Count how many lines of the data include the string "Inventor", then say that number and stop.

== Segment start ==

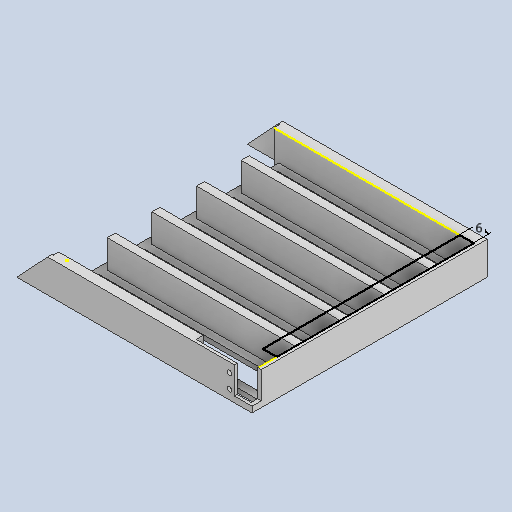
# Autodesk Inventor part: Case
Saved by Autodesk Inventor 2023 (Build 270158000, 158)
## iProperties
Created: 2024-03-21
Part Number: Case
Material: Generic
Document SubType Name: Modeling
Designer: noname
Density: 1 g/cm^3
Appearance: Default
Author: noname
Autodesk Inventor part; units mm, degrees
ref_plane "YZ Plane" through (0, 0, 0) normal (1, 0, 0) x (0, 1, 0)
ref_plane "XZ Plane" through (0, 0, 0) normal (0, 1, 0) x (-1, 0, 0)
ref_plane "XY Plane" through (0, 0, 0) normal (0, 0, 1) x (1, 0, 0)
sketch "Sketch1" plane through (0, 0, 0) normal (1, 0, 0) x (0, 1, 0)
  line L0 (0, 5) -> (0, -5)
  line L1 (0, -5) -> (2, -5)
  line L2 (2, -5) -> (2, -1.7)
  line L3 (2, -1.7) -> (14, -1.7)
  line L4 (14, -1.7) -> (14, 1.7)
  line L5 (0, 0) -> (14, 0)
  line L6 (0, 5) -> (2, 5)
  line L7 (2, 5) -> (2, 1.7)
  line L8 (2, 1.7) -> (14, 1.7)
  dimension "d0" = 3.4
  dimension "d1" = 10
  dimension "d2" = 2
  dimension "d3" = 14
  constraints: 18 end point, 2 horizontal, 2 midpoint, 2 perpendicular, 2 symmetric about line, 2 vertical, 1 coincident
  measures "d0" distance between parallel lines of L3 L8
  measures "d1" distance between parallel lines of L1 L6
  measures "d2" distance between parallel lines of L0 L7
  measures "d3" distance between parallel lines of L0 L4
extrude "Extrusion1" add sketch "Sketch1" along normal blind 76
pattern_linear "Rectangular Pattern1" count 6 spacing 19 along (0, 0, -1) of "Extrusion1"
sketch "Sketch3" plane through (76, 0, 0) normal (1, 0, 0) x (0, 0, -1)
  line L0 (-1.7, 2) -> (-5, 2) projected
  line L1 (-1.7, 2) -> (-5, 2)
  line L2 (-5, 2) -> (-5, 14)
  line L3 (-5, 14) -> (-1.7, 14)
  line L4 (-1.7, 14) -> (-1.7, 2)
  line L5 (96.7, 2) -> (96.7, 14) projected
  line L6 (96.7, 2) -> (100, 2)
  line L7 (100, 2) -> (100, 14)
  line L8 (100, 14) -> (96.7, 14)
  line L9 (96.7, 14) -> (96.7, 2)
  point P0 (0, 0)
  constraints: 16 end point, 4 parallel, 3 coincident, 2 horizontal, 2 perpendicular, 1 point on line
extrude "Extrusion2" add sketch "Sketch3" against normal up to surface (76 mm away)
sketch "Sketch4" plane through (76, 0, 0) normal (1, 0, 0) x (0, 0, -1)
  line L0 (1.7, 14) -> (-5, 14) projected
  line L1 (90, 0) -> (100, 0) projected
  line L2 (-2.5, 14) -> (97.5, 14)
  line L3 (97.5, 14) -> (97.5, 0)
  line L4 (97.5, 0) -> (-2.5, 0)
  line L5 (-2.5, 0) -> (-2.5, 14)
  line L6 (43, 0) -> (43, 2) projected
  line L7 (55.3, 2) -> (52, 2) projected
  line L8 (43, 2) -> (52, 2)
  point P0 (0, 0)
  point P1 (47.5, 2)
  point P2 (47.5, 0)
  dimension "d12" = 100
  constraints: 10 end point, 2 horizontal, 2 midpoint, 2 parallel, 2 point on line, 1 perpendicular, 1 vertical alignment
  measures "d12" distance between parallel lines of L3 L5
extrude "Extrusion3" cut sketch "Sketch4" against normal through all keep common part
sketch "Sketch5" plane through (76, 0, 0) normal (1, 0, 0) x (0, 0, -1)
  line L0 (-2.5, 0) -> (5, 0) projected
  line L1 (97.5, 14) -> (97.5, 0) projected
  line L2 (-2.5, 0) -> (97.5, 0)
  line L3 (97.5, 0) -> (97.5, 2)
  line L4 (97.5, 2) -> (-2.5, 2)
  line L5 (-2.5, 2) -> (-2.5, 0)
  point P0 (0, 0)
  point P1 (90, 2)
  point P2 (97.5, 0)
  constraints: 8 end point, 2 parallel, 2 point on line, 1 horizontal, 1 perpendicular
extrude "Extrusion4" add sketch "Sketch5" along normal blind 5.4
sketch "Sketch7" plane through (0, 2, -1.7) normal (0, 1, 0) x (1, 0, 0)
  line L0 (76, -4.2) -> (76, 0) projected
  line L1 (76, 0) -> (79.8, 0)
  line L2 (79.8, 0) -> (79.8, 91.6)
  line L3 (79.8, 91.6) -> (76, 91.6)
  line L4 (76, 0) -> (76, -4.2) projected
  line L5 (81.4, 95.8) -> (81.4, -4.2) projected
  line L6 (0, 3.3) -> (0, 0) projected
  line L7 (0, 0) -> (76, 0) projected
  line L8 (76, -4.2) -> (76, 0) projected
  line L9 (76, -4.2) -> (81.4, -4.2) projected
  line L10 (81.4, 95.8) -> (81.4, -4.2) projected
  line L11 (76, 95.8) -> (81.4, 95.8) projected
  line L12 (76, 91.6) -> (76, 95.8) projected
  line L13 (0, 91.6) -> (76, 91.6) projected
  line L14 (0, 91.6) -> (0, 88.3) projected
  line L15 (0, 88.3) -> (76, 88.3) projected
  line L16 (76, 88.3) -> (76, 79.3) projected
  line L17 (0, 79.3) -> (76, 79.3) projected
  line L18 (0, 79.3) -> (0, 76) projected
  line L19 (0, 76) -> (76, 76) projected
  line L20 (76, 72.6) -> (76, 76) projected
  line L21 (0, 72.6) -> (76, 72.6) projected
  line L22 (0, 72.6) -> (0, 69.3) projected
  line L23 (0, 69.3) -> (76, 69.3) projected
  line L24 (76, 69.3) -> (76, 60.3) projected
  line L25 (0, 60.3) -> (76, 60.3) projected
  line L26 (0, 60.3) -> (0, 57) projected
  line L27 (0, 57) -> (76, 57) projected
  line L28 (76, 53.6) -> (76, 57) projected
  line L29 (0, 53.6) -> (76, 53.6) projected
  line L30 (0, 53.6) -> (0, 50.3) projected
  line L31 (0, 50.3) -> (76, 50.3) projected
  line L32 (76, 50.3) -> (76, 41.3) projected
  line L33 (0, 41.3) -> (76, 41.3) projected
  line L34 (0, 41.3) -> (0, 38) projected
  line L35 (0, 38) -> (76, 38) projected
  line L36 (76, 34.6) -> (76, 38) projected
  line L37 (0, 34.6) -> (76, 34.6) projected
  line L38 (0, 34.6) -> (0, 31.3) projected
  line L39 (0, 31.3) -> (76, 31.3) projected
  line L40 (76, 31.3) -> (76, 22.3) projected
  line L41 (0, 22.3) -> (76, 22.3) projected
  line L42 (0, 22.3) -> (0, 19) projected
  line L43 (0, 19) -> (76, 19) projected
  line L44 (76, 15.6) -> (76, 19) projected
  line L45 (0, 15.6) -> (76, 15.6) projected
  line L46 (0, 15.6) -> (0, 12.3) projected
  line L47 (0, 12.3) -> (76, 12.3) projected
  line L48 (76, 12.3) -> (76, 3.3) projected
  line L49 (0, 3.3) -> (76, 3.3) projected
  point P0 (0, -1.7)
  point P1 (81.4, -4.2)
  dimension "d17" = 1.6
  constraints: 6 end point, 2 perpendicular, 1 coincident, 1 horizontal
  measures "d17" distance between parallel lines of L5 L2
extrude "Extrusion5" add sketch "Sketch7" along normal up to surface (12 mm away) contours L0 L1 L2 L3 L12 L11 L5 L9
sketch "Sketch8" plane through (76, 2, -58.7) normal (1, 0, 0) x (0, 0, -1)
  line L0 (-41.4, 0) -> (-38, 0) projected
  line L1 (-38, 0) -> (-38, 12) projected
  line L2 (-38, 12) -> (-41.4, 12) projected
  line L3 (-41.4, 12) -> (-41.4, 0) projected
  line L4 (-22.4, 0) -> (-19, 0) projected
  line L5 (-19, 0) -> (-19, 12) projected
  line L6 (-19, 12) -> (-22.4, 12) projected
  line L7 (-22.4, 12) -> (-22.4, 0) projected
  line L8 (-3.4, 0) -> (0, 0) projected
  line L9 (0, 0) -> (0, 12) projected
  line L10 (0, 12) -> (-3.4, 12) projected
  line L11 (-3.4, 12) -> (-3.4, 0) projected
  line L12 (15.6, 0) -> (19, 0) projected
  line L13 (19, 0) -> (19, 12) projected
  line L14 (19, 12) -> (15.6, 12) projected
  line L15 (15.6, 12) -> (15.6, 0) projected
  point P0 (-58.7, -2)
extrude "Extrusion6" add sketch "Sketch8" along normal through all
sketch "Sketch9" plane through (0, 2, -93.3) normal (-1, 0, 0) x (0, 0, 1)
  line L0 (-4.2, -2) -> (-4.2, 12) projected
  line L1 (95.8, -2) -> (95.8, 12) projected
  line L2 (-4.2, -2) -> (95.8, -2)
  line L3 (95.8, -2) -> (95.8, 0)
  line L4 (95.8, 0) -> (-4.2, 0)
  line L5 (-4.2, 0) -> (-4.2, -2)
  line L6 (-4.2, -2) -> (-4.2, 12) projected
  line L7 (3.3, -2) -> (-4.2, -2) projected
  line L8 (3.3, 0) -> (3.3, -2) projected
  line L9 (0, 0) -> (3.3, 0) projected
  line L10 (0, 12) -> (0, 0) projected
  line L11 (0, 12) -> (-4.2, 12) projected
  line L12 (95.8, 12) -> (95.8, -2) projected
  line L13 (91.6, 12) -> (95.8, 12) projected
  line L14 (91.6, 0) -> (91.6, 12) projected
  line L15 (88.3, 0) -> (91.6, 0) projected
  line L16 (88.3, -2) -> (88.3, 0) projected
  line L17 (95.8, -2) -> (88.3, -2) projected
  point P0 (93.3, -2)
  point P1 (95.8, 12)
  constraints: 8 end point, 2 parallel, 2 point on line, 1 horizontal, 1 perpendicular
extrude "Extrusion7" add sketch "Sketch9" along normal blind 5
chamfer "Chamfer1" distance 2 angle 45 1 edges at (-5, 2, -47.5)
sketch "Sketch11" plane through (81.4, 0, -97.5) normal (0, 0, -1) x (-1, 0, 0)
  line L0 (86.4, 0) -> (86.4, 14) projected
  line L1 (86.4, 0) -> (100, 0)
  line L2 (100, 0) -> (86.9767, 14)
  line L3 (86.4, 14) -> (1.6, 14) projected
  line L4 (0, 0) -> (0, 14) projected
  line L5 (86.4, 14) -> (0, 14) projected
  line L6 (0, 0) -> (0, 14) projected
  line L7 (0, 0) -> (86.4, 0) projected
  line L8 (86.4, 14) -> (86.4, 0) projected
  line L9 (86.9767, 14) -> (86.4, 14)
  point P0 (81.4, 0)
  point P1 (86.4, 7.12)
  point P2 (1.6, 14)
  dimension "d29" = 47.07
  dimension "d36" = 100
  constraints: 6 end point, 2 horizontal, 1 point on line
  measures "d29" angle of L1 L2
  measures "d36" distance from line of L4 L1.end
extrude "Extrusion8" add sketch "Sketch11" against normal blind 2 contours L0 L9 L2 L1
ref_plane "Work Plane1" through (81.4, 0, -47.5) normal (0, 0, -1) x (-1, 0, 0)
mirror "Mirror1" about plane through (81.4, 0, -47.5) normal (0, 0, -1) of "Extrusion8"
sketch "Sketch14" plane through (81.4, 14, 2.5) normal (0, 1, 0) x (1, 0, 0)
  line L0 (-86.4, 4.2) -> (-1.6, 4.2) projected
  line L1 (-1.6, 4.2) -> (-25, 4.2)
  line L2 (-25, 4.2) -> (-25, 1.2)
  line L3 (-25, 1.2) -> (-1.6, 1.2)
  line L4 (-1.6, 1.2) -> (-1.6, 4.2)
  point P0 (-81.4, 2.5)
  dimension "d37" = 3
  dimension "d38" = 23.4
  constraints: 8 end point, 2 parallel, 1 horizontal, 1 perpendicular
  measures "d37" distance between parallel lines of L0 L3
  measures "d38" distance between parallel lines of L4 L2
extrude "Extrusion11" cut sketch "Sketch14" against normal through all
sketch "Sketch15" plane through (81.4, 0, 2.5) normal (0, 0, 1) x (1, 0, 0)
  line L0 (0, 0) -> (0, 14) projected
  line L1 (0, 14) -> (-7.5, 14)
  line L2 (-7.5, 14) -> (-7.5, 2.5)
  line L3 (-7.5, 2.5) -> (0, 2.5)
  line L4 (0, 2.5) -> (0, 14)
  point P0 (-81.4, 0)
  point P1 (0, 2.5)
  dimension "d41" = 11.5
  dimension "d42" = 7.5
  constraints: 8 end point, 2 parallel, 1 horizontal, 1 perpendicular
  measures "d41" distance between parallel lines of L1 L3
  measures "d42" distance between parallel lines of L0 L2
extrude "Extrusion12" cut sketch "Sketch15" against normal blind 4
sketch "Sketch17" plane through (-18.6, 0, 2.5) normal (0, 0, 1) x (1, 0, 0)
  line L0 (100, 0) -> (0, 0) projected
  point P0 (18.6, 0)
  point P1 (90.4317, 10)
  point P2 (90.4317, 4)
  dimension "d52" = 6
  dimension "d53" = 4
  constraints: 1 vertical alignment
  measures "d52" distance of point (90.432, 4) point (90.432, 10)
  measures "d53" distance from line of L0 point (90.432, 4)
hole "Hole1" at (71.8317, 10, 2.5) at (71.8317, 4, 2.5) direction (0, 0, -1) diameter 2 depth 19.8
sketch "Sketch18" plane through (0, 14, -77.7) normal (0, 1, 0) x (1, 0, 0)
  line L0 (79.8, -76) -> (79.8, -60.4) projected
  line L1 (-5, 15.6) -> (79.8, 15.6) projected
  line L2 (79.8, -68.2) -> (73.8, -68.2)
  line L3 (73.8, -68.2) -> (73.8, 15.6)
  line L4 (73.8, 15.6) -> (79.8, 15.6)
  line L5 (79.8, 15.6) -> (79.8, -68.2)
  point P0 (0, -77.7)
  dimension "d54" = 6
  constraints: 8 end point, 2 parallel, 1 horizontal, 1 midpoint, 1 perpendicular, 1 point on line
  measures "d54" distance between parallel lines of L5 L3
body "Solid1"

== Segment end ==

● SOLUTION FOR THIS PROBLEM
3